Além de um livro inteiro dedicado a Nathaniel Hawthorne, publicou mais de uma coletânea de ensaios críticos sobre escritores americanos e também europeus, como Balzac, Dickens, Flaubert, George Sand e Turgueniev, de quem chegou a ser amigo. 

É, portanto, compreensível que, ao lado do tema das relações América-Europa, outro grande filão a alimentar sua ficção tenha sido o do paralelo entre arte e vida, daí o grande número de escritores e pintores entre seus personagens. Ao comentar o que o teria motivado a escrever um dos romances sobre o assunto, The Tragic Muse (1890), Henry James confessou que sempre havia alimentado o desejo de traçar um “quadro dramático da vida de artista”. A aspiração era tão antiga que ele não saberia localizar precisamente sua origem. “Fazer alguma coisa sobre arte — arte entendida como uma complicação humana e como um obstáculo em termos da vida social” era um objetivo que o acompanhava desde o início de sua carreira de escritor.
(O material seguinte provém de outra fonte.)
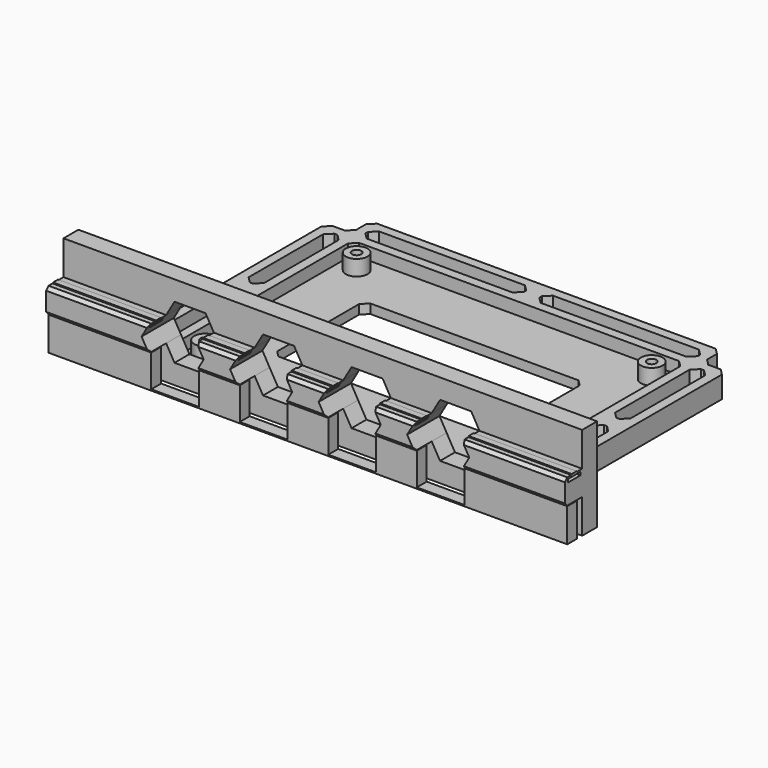
from build123d import *

# Parameters (mm, degrees)
F0_W      = 107
F0_H      = 73
F0_R      = 3.5
F0_W_2    = 71
F0_H_2    = 37
F0_R_2    = 1.5
F0_W_3    = 5
F0_H_3    = 5
F0_W_4    = 3
F0_H_4    = 3
F1_DEPTH  = 3
F2_DEPTH  = 4
F3_DEPTH  = 5
F4_DEPTH  = 27
F6_DEPTH  = 6
F5_W      = 7.5
F5_H      = 8
F5_R      = 3.05
F7_DEPTH  = 7
F8_SIZE   = 1
F9_SIZE   = 2
F11_DEPTH = 167
F12_DEPTH = 7.001
F10_W     = 5
F10_H     = 1
F13_DEPTH = 167.001
F14_W     = 33.0594010768
F14_H     = 4
F14_W_2   = 15.3811978465
F14_W_3   = 13.1188021535
F15_DEPTH = 0.4
F16_DEPTH = 10.8


# Not quite as in the source:
# - an extrude ends at something that could not be found from the text; its depth is read off the source's solid


with BuildPart() as f1:
    # F0 (on Top) → F1 (new body)
    with BuildSketch(Plane.XY):
        Rectangle(F0_W, F0_H)
        with Locations((-47.5, -30.5)):
            Circle(F0_R, mode=Mode.SUBTRACT)
        with Locations((47.5, -30.5)):
            Circle(F0_R, mode=Mode.SUBTRACT)
        Rectangle(F0_W_2, F0_H_2, mode=Mode.SUBTRACT)
        with Locations((-47.5, 30.5)):
            Circle(F0_R, mode=Mode.SUBTRACT)
        with Locations((47.5, 30.5)):
            Circle(F0_R, mode=Mode.SUBTRACT)
        with Locations((-47.5, 30.5)):
            Circle(F0_R)
        with Locations((-47.5, 30.5)):
            Circle(F0_R_2, mode=Mode.SUBTRACT)
        with Locations((-47.5, -30.5)):
            Circle(F0_R)
        with Locations((-47.5, -30.5)):
            Circle(F0_R_2, mode=Mode.SUBTRACT)
        with Locations((47.5, -30.5)):
            Circle(F0_R)
        with Locations((47.5, -30.5)):
            Circle(F0_R_2, mode=Mode.SUBTRACT)
        with Locations((47.5, 30.5)):
            Circle(F0_R)
        with Locations((47.5, 30.5)):
            Circle(F0_R_2, mode=Mode.SUBTRACT)
        Polygon((-53.5, -36.5), (-53.5, 36.5), (-56.5, 36.5), (-56.5, 2.5), (-56.5, -2.5), (-56.5, -36.5), align=None)
        Polygon((-56.5, 36.5), (-56.5, 39.5), (-64.5, 39.5), (-64.5, -36.5), (-61.5, -36.5), (-61.5, -2.5), (-61.5, 2.5), (-61.5, 36.5), align=None)
        with Locations((-59, 0)):
            Rectangle(F0_W_3, F0_H_3)
        with Locations((-55, 38)):
            Rectangle(F0_W_4, F0_H_4)
        Polygon((-53.5, 39.5), (-53.5, 44.5), (-2.5, 44.5), (2.5, 44.5), (53.5, 44.5), (53.5, 39.5), (56.5, 39.5), (56.5, 47.5), (-56.5, 47.5), (-56.5, 39.5), align=None)
        Polygon((-2.5, 39.5), (-53.5, 39.5), (-53.5, 36.5), (53.5, 36.5), (53.5, 39.5), (2.5, 39.5), align=None)
        Polygon((53.5, -36.5), (-53.5, -36.5), (-56.5, -36.5), (-61.5, -36.5), (-64.5, -36.5), (-83.5, -36.5), (-83.5, -42.5), (83.5, -42.5), (83.5, -36.5), (64.5, -36.5), (61.5, -36.5), (56.5, -36.5), align=None)
        with Locations((0, 42)):
            Rectangle(F0_W_3, F0_H_3)
        with Locations((55, 38)):
            Rectangle(F0_W_4, F0_H_4)
        Polygon((56.5, 39.5), (56.5, 36.5), (61.5, 36.5), (61.5, 2.5), (61.5, -2.5), (61.5, -36.5), (64.5, -36.5), (64.5, 39.5), align=None)
        with Locations((59, 0)):
            Rectangle(F0_W_3, F0_H_3)
        Polygon((56.5, 36.5), (53.5, 36.5), (53.5, -36.5), (56.5, -36.5), (56.5, -2.5), (56.5, 2.5), align=None)
    extrude(amount=-F1_DEPTH)

    # F0 (on Top) → F2 (join)
    with BuildSketch(Plane.XY):
        Polygon((-53.5, -36.5), (-53.5, 36.5), (-56.5, 36.5), (-56.5, 2.5), (-56.5, -2.5), (-56.5, -36.5), align=None)
        with Locations((-55, 38)):
            Rectangle(F0_W_4, F0_H_4)
        Polygon((-53.5, 39.5), (-53.5, 44.5), (-2.5, 44.5), (2.5, 44.5), (53.5, 44.5), (53.5, 39.5), (56.5, 39.5), (56.5, 47.5), (-56.5, 47.5), (-56.5, 39.5), align=None)
        Polygon((-56.5, 36.5), (-56.5, 39.5), (-64.5, 39.5), (-64.5, -36.5), (-61.5, -36.5), (-61.5, -2.5), (-61.5, 2.5), (-61.5, 36.5), align=None)
        with Locations((-59, 0)):
            Rectangle(F0_W_3, F0_H_3)
        with Locations((0, 42)):
            Rectangle(F0_W_3, F0_H_3)
        Polygon((-2.5, 39.5), (-53.5, 39.5), (-53.5, 36.5), (53.5, 36.5), (53.5, 39.5), (2.5, 39.5), align=None)
        with Locations((55, 38)):
            Rectangle(F0_W_4, F0_H_4)
        Polygon((56.5, 36.5), (53.5, 36.5), (53.5, -36.5), (56.5, -36.5), (56.5, -2.5), (56.5, 2.5), align=None)
        Polygon((56.5, 39.5), (56.5, 36.5), (61.5, 36.5), (61.5, 2.5), (61.5, -2.5), (61.5, -36.5), (64.5, -36.5), (64.5, 39.5), align=None)
        with Locations((59, 0)):
            Rectangle(F0_W_3, F0_H_3)
    extrude(amount=F2_DEPTH)

    # F0 (on Top) → F3 (join)
    with BuildSketch(Plane.XY):
        with Locations((-47.5, 30.5)):
            Circle(F0_R)
        with Locations((-47.5, 30.5)):
            Circle(F0_R_2, mode=Mode.SUBTRACT)
        with Locations((47.5, 30.5)):
            Circle(F0_R)
        with Locations((47.5, 30.5)):
            Circle(F0_R_2, mode=Mode.SUBTRACT)
        with Locations((47.5, -30.5)):
            Circle(F0_R)
        with Locations((47.5, -30.5)):
            Circle(F0_R_2, mode=Mode.SUBTRACT)
        with Locations((-47.5, -30.5)):
            Circle(F0_R)
        with Locations((-47.5, -30.5)):
            Circle(F0_R_2, mode=Mode.SUBTRACT)
    extrude(amount=F3_DEPTH)

    # F0 (on Top) → F4 (join)
    with BuildSketch(Plane.XY):
        Polygon((53.5, -36.5), (-53.5, -36.5), (-56.5, -36.5), (-61.5, -36.5), (-64.5, -36.5), (-83.5, -36.5), (-83.5, -42.5), (83.5, -42.5), (83.5, -36.5), (64.5, -36.5), (61.5, -36.5), (56.5, -36.5), align=None)
    extrude(amount=F4_DEPTH)

    # F5 (on face) → F6 (cut, through all)
    with BuildSketch(Plane.XZ.offset(42.5)):
        Polygon((-47.75, 20.6602540378), (-50.4405989232, 16), (-35.0594010768, 16), (-37.75, 20.6602540378), align=None)
        Polygon((-35.0594010768, 16), (-50.4405989232, 16), (-52.75, 12), (-50.4405989232, 8), (-35.0594010768, 8), (-32.75, 12), align=None)
        Polygon((-35.0594010768, 8), (-50.4405989232, 8), (-47.75, 3.3397459622), (-37.75, 3.3397459622), align=None)
        Polygon((-6.5594010768, 8), (-21.9405989232, 8), (-19.25, 3.3397459622), (-9.25, 3.3397459622), align=None)
        Polygon((-6.5594010768, 16), (-21.9405989232, 16), (-24.25, 12), (-21.9405989232, 8), (-6.5594010768, 8), (-4.25, 12), align=None)
        Polygon((-19.25, 20.6602540378), (-21.9405989232, 16), (-6.5594010768, 16), (-9.25, 20.6602540378), align=None)
        Polygon((9.25, 20.6602540378), (6.5594010768, 16), (21.9405989232, 16), (19.25, 20.6602540378), align=None)
        Polygon((21.9405989232, 16), (6.5594010768, 16), (4.25, 12), (6.5594010768, 8), (21.9405989232, 8), (24.25, 12), align=None)
        Polygon((21.9405989232, 8), (6.5594010768, 8), (9.25, 3.3397459622), (19.25, 3.3397459622), align=None)
        Polygon((47.75, 3.3397459622), (50.4405989232, 8), (35.0594010768, 8), (37.75, 3.3397459622), align=None)
        Polygon((52.75, 12), (50.4405989232, 16), (35.0594010768, 16), (32.75, 12), (35.0594010768, 8), (50.4405989232, 8), align=None)
        Polygon((35.0594010768, 16), (50.4405989232, 16), (47.75, 20.6602540378), (37.75, 20.6602540378), align=None)
    extrude(amount=-F6_DEPTH, mode=Mode.SUBTRACT)

    # F5 (on face) → F7 (join)
    with BuildSketch(Plane.XZ.offset(42.5)):
        with Locations((-79.75, 12)):
            Rectangle(F5_W, F5_H)
        with Locations((79.75, 12)):
            Rectangle(F5_W, F5_H)
        Polygon((61, 8), (61, 16), (50.4405989232, 16), (52.75, 12), (50.4405989232, 8), align=None)
        Polygon((32.75, 12), (35.0594010768, 16), (21.9405989232, 16), (24.25, 12), (21.9405989232, 8), (35.0594010768, 8), align=None)
        Polygon((6.5594010768, 16), (-6.5594010768, 16), (-4.25, 12), (-6.5594010768, 8), (6.5594010768, 8), (4.25, 12), align=None)
        Polygon((-21.9405989232, 16), (-35.0594010768, 16), (-32.75, 12), (-35.0594010768, 8), (-21.9405989232, 8), (-24.25, 12), align=None)
        Polygon((-50.4405989232, 16), (-61, 16), (-61, 8), (-50.4405989232, 8), (-52.75, 12), align=None)
        with BuildLine():
            ThreePointArc((64.5808164115, 8), (62.9, 12), (64.5808164115, 16))
            Line((64.5808164115, 16), (61, 16))
            Line((61, 16), (61, 8))
            Line((61, 8), (64.5808164115, 8))
        make_face()
        with BuildLine():
            ThreePointArc((74.1, 12), (73.6627235107, 14.1693976013), (72.4191835885, 16))
            Line((72.4191835885, 16), (64.5808164115, 16))
            ThreePointArc((64.5808164115, 16), (62.9, 12), (64.5808164115, 8))
            Line((64.5808164115, 8), (72.4191835885, 8))
            ThreePointArc((72.4191835885, 8), (73.6627235107, 9.8306023987), (74.1, 12))
        make_face()
        with Locations((68.5, 12)):
            Circle(F5_R, mode=Mode.SUBTRACT)
        with Locations((68.5, 12)):
            Circle(F5_R)
        with BuildLine():
            Line((76, 8), (76, 16))
            Line((76, 16), (72.4191835885, 16))
            ThreePointArc((72.4191835885, 16), (73.6627235107, 14.1693976013), (74.1, 12))
            ThreePointArc((74.1, 12), (73.6627235107, 9.8306023987), (72.4191835885, 8))
            Line((72.4191835885, 8), (76, 8))
        make_face()
        with BuildLine():
            Line((-61, 16), (-64.5808164115, 16))
            ThreePointArc((-64.5808164115, 16), (-63.3372764893, 14.1693976013), (-62.9, 12))
            ThreePointArc((-62.9, 12), (-63.3372764893, 9.8306023987), (-64.5808164115, 8))
            Line((-64.5808164115, 8), (-61, 8))
            Line((-61, 8), (-61, 16))
        make_face()
        with BuildLine():
            Line((-64.5808164115, 16), (-72.4191835885, 16))
            ThreePointArc((-72.4191835885, 16), (-74.1, 12), (-72.4191835885, 8))
            Line((-72.4191835885, 8), (-64.5808164115, 8))
            ThreePointArc((-64.5808164115, 8), (-63.3372764893, 9.8306023987), (-62.9, 12))
            ThreePointArc((-62.9, 12), (-63.3372764893, 14.1693976013), (-64.5808164115, 16))
        make_face()
        with Locations((-68.5, 12)):
            Circle(F5_R, mode=Mode.SUBTRACT)
        with Locations((-68.5, 12)):
            Circle(F5_R)
        with BuildLine():
            Line((-72.4191835885, 16), (-76, 16))
            Line((-76, 16), (-76, 8))
            Line((-76, 8), (-72.4191835885, 8))
            ThreePointArc((-72.4191835885, 8), (-74.1, 12), (-72.4191835885, 16))
        make_face()
    extrude(amount=F7_DEPTH)

    # F8
    f8_edges = [f1.edges().sort_by_distance(p)[0] for p in [
        (-66.970299, -49.5, 8),
        (-66.970299, -49.5, 16),
        (-28.5, -49.5, 16),
        (-28.5, -49.5, 8),
        (0, -49.5, 8),
        (0, -49.5, 16),
        (28.5, -49.5, 16),
        (28.5, -49.5, 8),
        (66.970299, -49.5, 8),
        (66.970299, -49.5, 16),
    ]]
    chamfer(f8_edges, length=F8_SIZE)

    # F9
    f9_edges = [f1.edges().sort_by_distance(p)[0] for p in [
        (35.5, 18.5, -1.5),
        (35.5, -18.5, -1.5),
        (-35.5, 18.5, -1.5),
        (-35.5, -18.5, -1.5),
        (53.5, -36.5, 2),
        (61.5, -36.5, 0.5),
        (53.5, 36.5, 2),
        (61.5, 36.5, 0.5),
        (53.5, 44.5, 0.5),
        (56.5, 36.5, 0.5),
        (2.5, 44.5, 0.5),
        (56.5, -2.5, 0.5),
        (56.5, -36.5, 0.5),
        (56.5, 2.5, 0.5),
        (61.5, 2.5, 0.5),
        (53.5, 39.5, 0.5),
        (2.5, 39.5, 0.5),
        (-2.5, 44.5, 0.5),
        (-56.5, 36.5, 0.5),
        (-56.5, -2.5, 0.5),
        (-61.5, -2.5, 0.5),
        (-61.5, 36.5, 0.5),
        (-53.5, 44.5, 0.5),
        (-53.5, 39.5, 0.5),
        (-61.5, -36.5, 0.5),
        (-61.5, 2.5, 0.5),
        (-56.5, 2.5, 0.5),
        (-56.5, -36.5, 0.5),
        (-2.5, 39.5, 0.5),
        (-53.5, 36.5, 2),
        (-53.5, -36.5, 2),
        (64.5, 39.5, 0.5),
        (56.5, 47.5, 0.5),
        (56.5, 39.5, 0.5),
        (64.5, -36.5, 0.5),
        (-56.5, 47.5, 0.5),
        (-56.5, 39.5, 0.5),
        (-64.5, 39.5, 0.5),
        (-64.5, -36.5, 0.5),
        (61.5, -2.5, 0.5),
    ]]
    chamfer(f9_edges, length=F9_SIZE)

    # F10 (on face) → F11 (join, through all)
    with BuildSketch(Plane(origin=(-83.5, 0, 0), x_dir=(0, -1, 0), z_dir=(-1, 0, 0))):
        Polygon((44.7, 16.2), (44.5, 16), (46.9, 16), (46.7, 16.2), align=None)
    extrude(amount=-F11_DEPTH)

    # F5 (on face) → F12 (cut, through all)
    with BuildSketch(Plane.XZ.offset(42.5)):
        Polygon((-47.75, 20.6602540378), (-50.4405989232, 16), (-35.0594010768, 16), (-37.75, 20.6602540378), align=None)
        Polygon((-19.25, 20.6602540378), (-21.9405989232, 16), (-6.5594010768, 16), (-9.25, 20.6602540378), align=None)
        Polygon((9.25, 20.6602540378), (6.5594010768, 16), (21.9405989232, 16), (19.25, 20.6602540378), align=None)
        Polygon((35.0594010768, 16), (50.4405989232, 16), (47.75, 20.6602540378), (37.75, 20.6602540378), align=None)
    extrude(amount=F12_DEPTH, mode=Mode.SUBTRACT)

    # F10 (on face) → F13 (cut, through all)
    with BuildSketch(Plane(origin=(-83.5, 0, 0), x_dir=(0, -1, 0), z_dir=(-1, 0, 0))):
        with Locations((45.7, 14.9)):
            Rectangle(F10_W, F10_H)
    extrude(amount=-F13_DEPTH, mode=Mode.SUBTRACT)


with BuildPart() as f15:
    # F14 (on face) → F15 (new body)
    with BuildSketch(Plane(origin=(0, 0, -3), x_dir=(1, 0, 0), z_dir=(0, 0, -1))):
        with Locations((-66.9702994616, 46.5)):
            Rectangle(F14_W, F14_H)
        with Locations((-42.75, 46.5)):
            Rectangle(F14_W_2, F14_H)
        with Locations((-28.5, 46.5)):
            Rectangle(F14_W_3, F14_H)
        with Locations((-14.25, 46.5)):
            Rectangle(F14_W_2, F14_H)
        with Locations((0, 46.5)):
            Rectangle(F14_W_3, F14_H)
        with Locations((14.25, 46.5)):
            Rectangle(F14_W_2, F14_H)
        with Locations((28.5, 46.5)):
            Rectangle(F14_W_3, F14_H)
        with Locations((42.75, 46.5)):
            Rectangle(F14_W_2, F14_H)
        with Locations((66.9702994616, 46.5)):
            Rectangle(F14_W, F14_H)
    extrude(amount=-F15_DEPTH)

    # F14 (on face) → F16 (join, through all)
    with BuildSketch(Plane(origin=(0, 0, -3), x_dir=(1, 0, 0), z_dir=(0, 0, -1))):
        with Locations((-66.9702994616, 46.5)):
            Rectangle(F14_W, F14_H)
        with Locations((66.9702994616, 46.5)):
            Rectangle(F14_W, F14_H)
        with Locations((-28.5, 46.5)):
            Rectangle(F14_W_3, F14_H)
        with Locations((0, 46.5)):
            Rectangle(F14_W_3, F14_H)
        with Locations((28.5, 46.5)):
            Rectangle(F14_W_3, F14_H)
    extrude(amount=-F16_DEPTH)


solid = Compound([f1.part, f15.part])

O motivo, explicou, era que o conflito entre arte e ‘‘o mundo” sempre lhe pareceu “um da meia dúzia de grandes temas primordiais” para um autor. “Complicação” e “obstáculo”, observe-se aqui, são duas palavras significativas para um inimigo declarado da facilidade — compreendida seja como uma literatura digestiva, seja como uma visão simplista da vida e do mundo.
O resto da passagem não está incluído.